Task instructions: Extract, from the records beneath this instruction, each line that contains the word "picture".

—————

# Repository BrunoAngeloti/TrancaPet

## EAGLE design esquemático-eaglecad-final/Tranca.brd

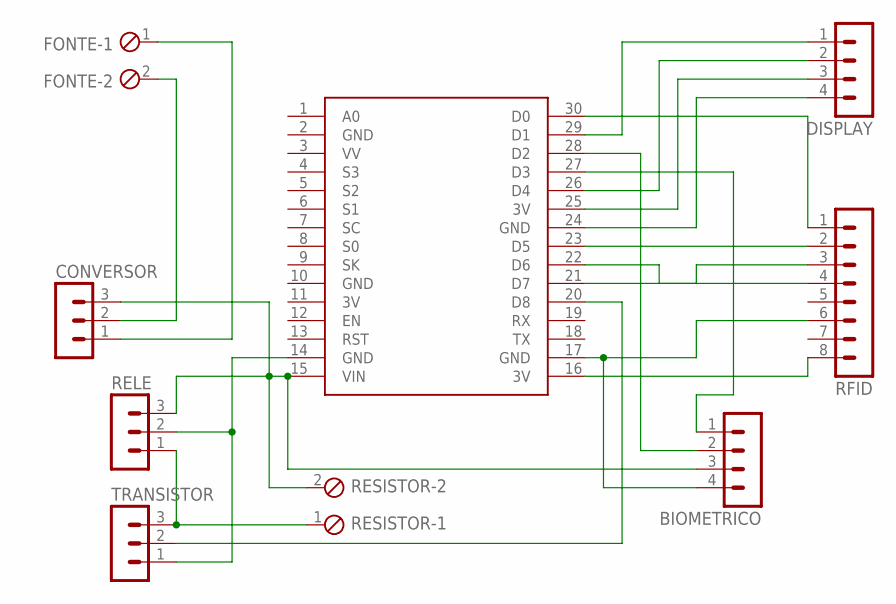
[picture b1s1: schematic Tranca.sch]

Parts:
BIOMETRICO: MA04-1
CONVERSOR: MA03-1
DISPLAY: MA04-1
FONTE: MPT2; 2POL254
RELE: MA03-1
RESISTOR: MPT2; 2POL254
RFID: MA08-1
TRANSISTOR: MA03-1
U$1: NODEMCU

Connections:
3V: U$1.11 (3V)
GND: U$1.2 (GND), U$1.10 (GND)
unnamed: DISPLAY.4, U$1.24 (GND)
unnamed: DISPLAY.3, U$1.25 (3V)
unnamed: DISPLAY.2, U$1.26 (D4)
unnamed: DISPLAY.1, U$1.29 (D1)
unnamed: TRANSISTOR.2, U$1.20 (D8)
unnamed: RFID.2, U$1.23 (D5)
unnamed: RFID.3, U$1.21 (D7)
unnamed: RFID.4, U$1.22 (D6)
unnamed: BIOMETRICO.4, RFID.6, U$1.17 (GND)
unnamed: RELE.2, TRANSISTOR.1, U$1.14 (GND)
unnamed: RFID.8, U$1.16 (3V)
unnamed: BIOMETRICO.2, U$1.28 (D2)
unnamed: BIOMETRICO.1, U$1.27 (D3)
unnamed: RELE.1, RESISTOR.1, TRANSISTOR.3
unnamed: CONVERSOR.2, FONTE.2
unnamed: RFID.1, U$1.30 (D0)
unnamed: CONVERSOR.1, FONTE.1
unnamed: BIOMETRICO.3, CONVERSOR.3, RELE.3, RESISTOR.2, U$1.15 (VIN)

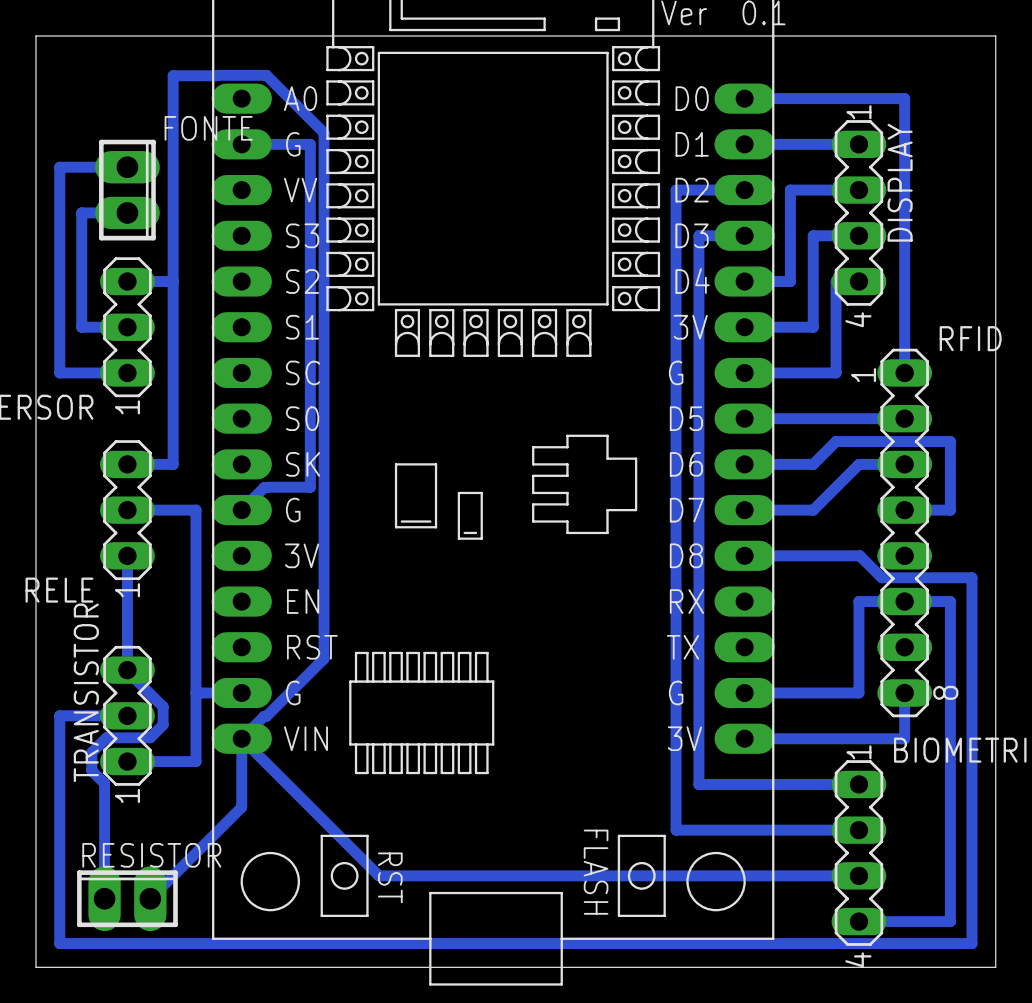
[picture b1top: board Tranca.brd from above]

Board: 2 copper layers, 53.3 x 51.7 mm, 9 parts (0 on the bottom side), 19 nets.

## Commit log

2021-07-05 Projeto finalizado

—————

Finished task:
[picture b1s1: schematic Tranca.sch]
[picture b1top: board Tranca.brd from above]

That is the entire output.